1-from battery+ to the selenoid lug
2-from selenoid 2nd lug to the motor positive lug of the unit
3-from the small screw of the selenoid to the switch inside (bottom lug)
4 -from the switch to the black wire of the unit( top lug)
5 -ground the unit to the engine

and nothing work what i am doing wrong?????

thanks to all

eric des bois


----------



## Mebes (Feb 7, 2004)

http://www.plowsite.com/showthread.php?t=20765

I posted a pic of the wiring setup on the above link take a look see if it applies to your setup.

Go to the diamond link at the top of this page if you need a manual for your meyer.


----------



## eric des bois (Dec 23, 2004)

*new problem*

*hi Mebes 
Thanks for the advise that you gave.Just was needed to connect a wire to the ignition wire that goes ON when you turn the switch and then to the a fuse to the middle of the switch control of the plower.

the result was good and everything was ok but got a new problem:....
the plower does not come down when I put the switch to the lower(float)i checked the electric continuity it is ok till the the unit .what can I do about it ???????????????

Thank you and happy new year

Eric des bois*


----------



## Mebes (Feb 7, 2004)

Do you have power at the "A Coil"
You should feel some magnetism on the back side of it with a screwdriver.

The coil may have failed if you can't feel any magnetism, and you have 12V at it.

You may also have some junk blocking the valve operation if you do have magnetism.
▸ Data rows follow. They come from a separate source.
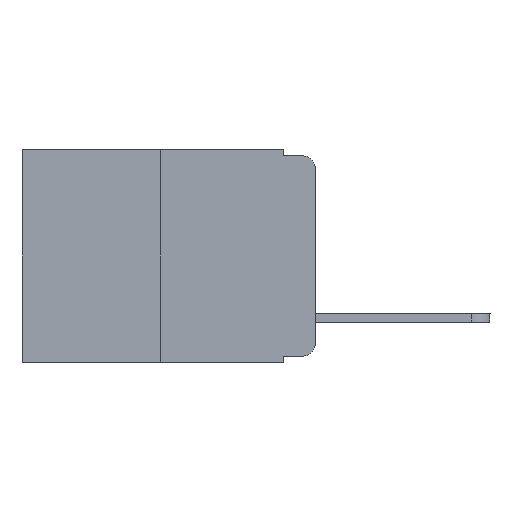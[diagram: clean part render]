
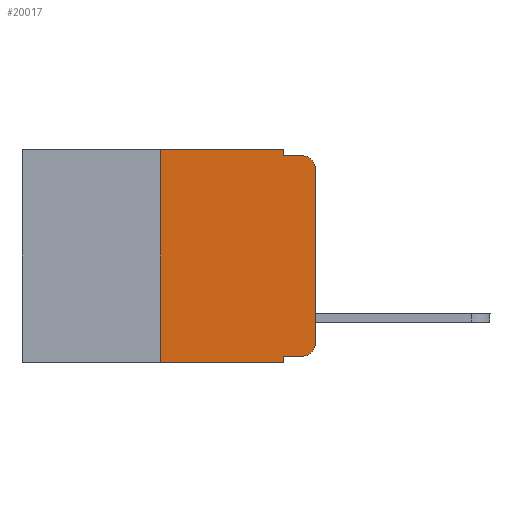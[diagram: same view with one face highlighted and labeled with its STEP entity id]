
A CAD part, left-side view. The second image highlights one B-rep face of the part: STEP entity #20017.
In plain terms, the highlighted planar face has unit normal (-1, 0, 0).
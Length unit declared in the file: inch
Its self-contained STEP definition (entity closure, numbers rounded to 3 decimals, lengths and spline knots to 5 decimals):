
#917 = CARTESIAN_POINT ( 'NONE',  ( 0., 0.051, -0.01 ) ) ;
#1006 = DIRECTION ( 'NONE',  ( 0., 0., -1. ) ) ;
#1107 = CARTESIAN_POINT ( 'NONE',  ( 0., 0.051, 0. ) ) ;
#1763 = VECTOR ( 'NONE', #20175, 39.37008 ) ;
#1859 = LINE ( 'NONE', #12977, #19844 ) ;
#2600 = ORIENTED_EDGE ( 'NONE', *, *, #14852, .F. ) ;
#2747 = LINE ( 'NONE', #8654, #16486 ) ;
#3580 = CARTESIAN_POINT ( 'NONE',  ( 0., 0.051, 0. ) ) ;
#3717 = CARTESIAN_POINT ( 'NONE',  ( 0., 0.02, -0.03 ) ) ;
#3747 = ORIENTED_EDGE ( 'NONE', *, *, #17977, .T. ) ;
#3903 = ORIENTED_EDGE ( 'NONE', *, *, #7999, .F. ) ;
#3955 = EDGE_CURVE ( 'NONE', #17197, #10837, #20565, .T. ) ;
#4044 = EDGE_CURVE ( 'NONE', #17764, #9427, #7234, .T. ) ;
#4182 = CARTESIAN_POINT ( 'NONE',  ( 0., 0., 0. ) ) ;
#5004 = ORIENTED_EDGE ( 'NONE', *, *, #6670, .T. ) ;
#5352 = EDGE_CURVE ( 'NONE', #19643, #17197, #7699, .T. ) ;
#5410 = VERTEX_POINT ( 'NONE', #18965 ) ;
#5873 = LINE ( 'NONE', #10222, #19448 ) ;
#5953 = AXIS2_PLACEMENT_3D ( 'NONE', #15677, #12823, #6304 ) ;
#6046 = CARTESIAN_POINT ( 'NONE',  ( 0., 0.02, -0.313 ) ) ;
#6304 = DIRECTION ( 'NONE',  ( 0., 0., -1. ) ) ;
#6497 = PLANE ( 'NONE',  #5953 ) ;
#6670 = EDGE_CURVE ( 'NONE', #19388, #19643, #10224, .T. ) ;
#7146 = CARTESIAN_POINT ( 'NONE',  ( 0., 0.473, -0.343 ) ) ;
#7234 = LINE ( 'NONE', #1107, #7262 ) ;
#7262 = VECTOR ( 'NONE', #1006, 39.37008 ) ;
#7394 = DIRECTION ( 'NONE',  ( 0., 0., -1. ) ) ;
#7444 = VECTOR ( 'NONE', #19602, 39.37008 ) ;
#7699 = LINE ( 'NONE', #4182, #18959 ) ;
#7718 = CARTESIAN_POINT ( 'NONE',  ( 0., 0., -0.03 ) ) ;
#7999 = EDGE_CURVE ( 'NONE', #8405, #5410, #5873, .T. ) ;
#8280 = DIRECTION ( 'NONE',  ( 0., 0., -1. ) ) ;
#8405 = VERTEX_POINT ( 'NONE', #18147 ) ;
#8475 = DIRECTION ( 'NONE',  ( -1., 0., 0. ) ) ;
#8654 = CARTESIAN_POINT ( 'NONE',  ( 0., 0.473, 0. ) ) ;
#9076 = ORIENTED_EDGE ( 'NONE', *, *, #15488, .F. ) ;
#9427 = VERTEX_POINT ( 'NONE', #11449 ) ;
#9951 = LINE ( 'NONE', #7146, #12842 ) ;
#10222 = CARTESIAN_POINT ( 'NONE',  ( 0., 0.25, 0. ) ) ;
#10224 = CIRCLE ( 'NONE', #12888, 0.02 ) ;
#10837 = VERTEX_POINT ( 'NONE', #11504 ) ;
#10895 = CARTESIAN_POINT ( 'NONE',  ( 0., 0.02, -0.333 ) ) ;
#10925 = VERTEX_POINT ( 'NONE', #14740 ) ;
#11449 = CARTESIAN_POINT ( 'NONE',  ( 0., 0.051, -0.01 ) ) ;
#11504 = CARTESIAN_POINT ( 'NONE',  ( 0., 0.02, -0.01 ) ) ;
#11544 = ORIENTED_EDGE ( 'NONE', *, *, #12247, .T. ) ;
#12247 = EDGE_CURVE ( 'NONE', #8405, #15652, #9951, .T. ) ;
#12365 = CARTESIAN_POINT ( 'NONE',  ( 0., 0.051, 0. ) ) ;
#12443 = ORIENTED_EDGE ( 'NONE', *, *, #4044, .F. ) ;
#12552 = CARTESIAN_POINT ( 'NONE',  ( 0., 0., -0.313 ) ) ;
#12716 = LINE ( 'NONE', #3580, #7444 ) ;
#12823 = DIRECTION ( 'NONE',  ( 1., 0., 0. ) ) ;
#12842 = VECTOR ( 'NONE', #19550, 39.37008 ) ;
#12888 = AXIS2_PLACEMENT_3D ( 'NONE', #6046, #18666, #7394 ) ;
#12977 = CARTESIAN_POINT ( 'NONE',  ( 0., 0.051, -0.333 ) ) ;
#13451 = DIRECTION ( 'NONE',  ( 0., 0., 1. ) ) ;
#13942 = DIRECTION ( 'NONE',  ( 0., 0., 1. ) ) ;
#14740 = CARTESIAN_POINT ( 'NONE',  ( 0., 0.051, -0.333 ) ) ;
#14852 = EDGE_CURVE ( 'NONE', #9427, #10837, #15491, .T. ) ;
#15488 = EDGE_CURVE ( 'NONE', #10925, #15652, #12716, .T. ) ;
#15491 = LINE ( 'NONE', #917, #1763 ) ;
#15602 = AXIS2_PLACEMENT_3D ( 'NONE', #3717, #8475, #8280 ) ;
#15652 = VERTEX_POINT ( 'NONE', #18155 ) ;
#15677 = CARTESIAN_POINT ( 'NONE',  ( 0., 0.473, 0. ) ) ;
#15741 = ORIENTED_EDGE ( 'NONE', *, *, #5352, .T. ) ;
#16088 = FACE_OUTER_BOUND ( 'NONE', #20204, .T. ) ;
#16429 = ORIENTED_EDGE ( 'NONE', *, *, #3955, .T. ) ;
#16486 = VECTOR ( 'NONE', #19700, 39.37008 ) ;
#17060 = EDGE_CURVE ( 'NONE', #5410, #17764, #2747, .T. ) ;
#17197 = VERTEX_POINT ( 'NONE', #7718 ) ;
#17764 = VERTEX_POINT ( 'NONE', #12365 ) ;
#17977 = EDGE_CURVE ( 'NONE', #10925, #19388, #1859, .T. ) ;
#18147 = CARTESIAN_POINT ( 'NONE',  ( 0., 0.25, -0.343 ) ) ;
#18155 = CARTESIAN_POINT ( 'NONE',  ( 0., 0.051, -0.343 ) ) ;
#18666 = DIRECTION ( 'NONE',  ( -1., 0., 0. ) ) ;
#18959 = VECTOR ( 'NONE', #13942, 39.37008 ) ;
#18965 = CARTESIAN_POINT ( 'NONE',  ( 0., 0.25, 0. ) ) ;
#19056 = ORIENTED_EDGE ( 'NONE', *, *, #17060, .F. ) ;
#19358 = DIRECTION ( 'NONE',  ( 0., -1., 0. ) ) ;
#19388 = VERTEX_POINT ( 'NONE', #10895 ) ;
#19448 = VECTOR ( 'NONE', #13451, 39.37008 ) ;
#19550 = DIRECTION ( 'NONE',  ( 0., -1., 0. ) ) ;
#19602 = DIRECTION ( 'NONE',  ( 0., 0., -1. ) ) ;
#19643 = VERTEX_POINT ( 'NONE', #12552 ) ;
#19700 = DIRECTION ( 'NONE',  ( 0., -1., 0. ) ) ;
#19844 = VECTOR ( 'NONE', #19358, 39.37008 ) ;
#20017 = ADVANCED_FACE ( 'NONE', ( #16088 ), #6497, .F. ) ;
#20175 = DIRECTION ( 'NONE',  ( 0., -1., 0. ) ) ;
#20204 = EDGE_LOOP ( 'NONE', ( #15741, #16429, #2600, #12443, #19056, #3903, #11544, #9076, #3747, #5004 ) ) ;
#20565 = CIRCLE ( 'NONE', #15602, 0.02 ) ;

You might also want to loosen the big packing nut on the top of your lift ram, to see if it's stuck there.


----------



## eric des bois (Dec 23, 2004)

Thanks again Mebes
The coils that operate the vave was ok. But I had to pry it of and unscrew the valve under it .
The screen filter was full of dirt.
I decide to flush the dirty oil out and melt the ice inside by removing the drain plug and the two other beside, after I put them back and fill the unit white diesel, operate the piston up and down 3 times and drain it.I made this operation one more time and removing the coil operated valve one more time the screen filter was dirty again and put back fill the unit wih almost I pint of power steering fluid reinstall it in front of the 4.4 and everything work perfectly.


----------



## Mebes (Feb 7, 2004)

Glad to help.


----------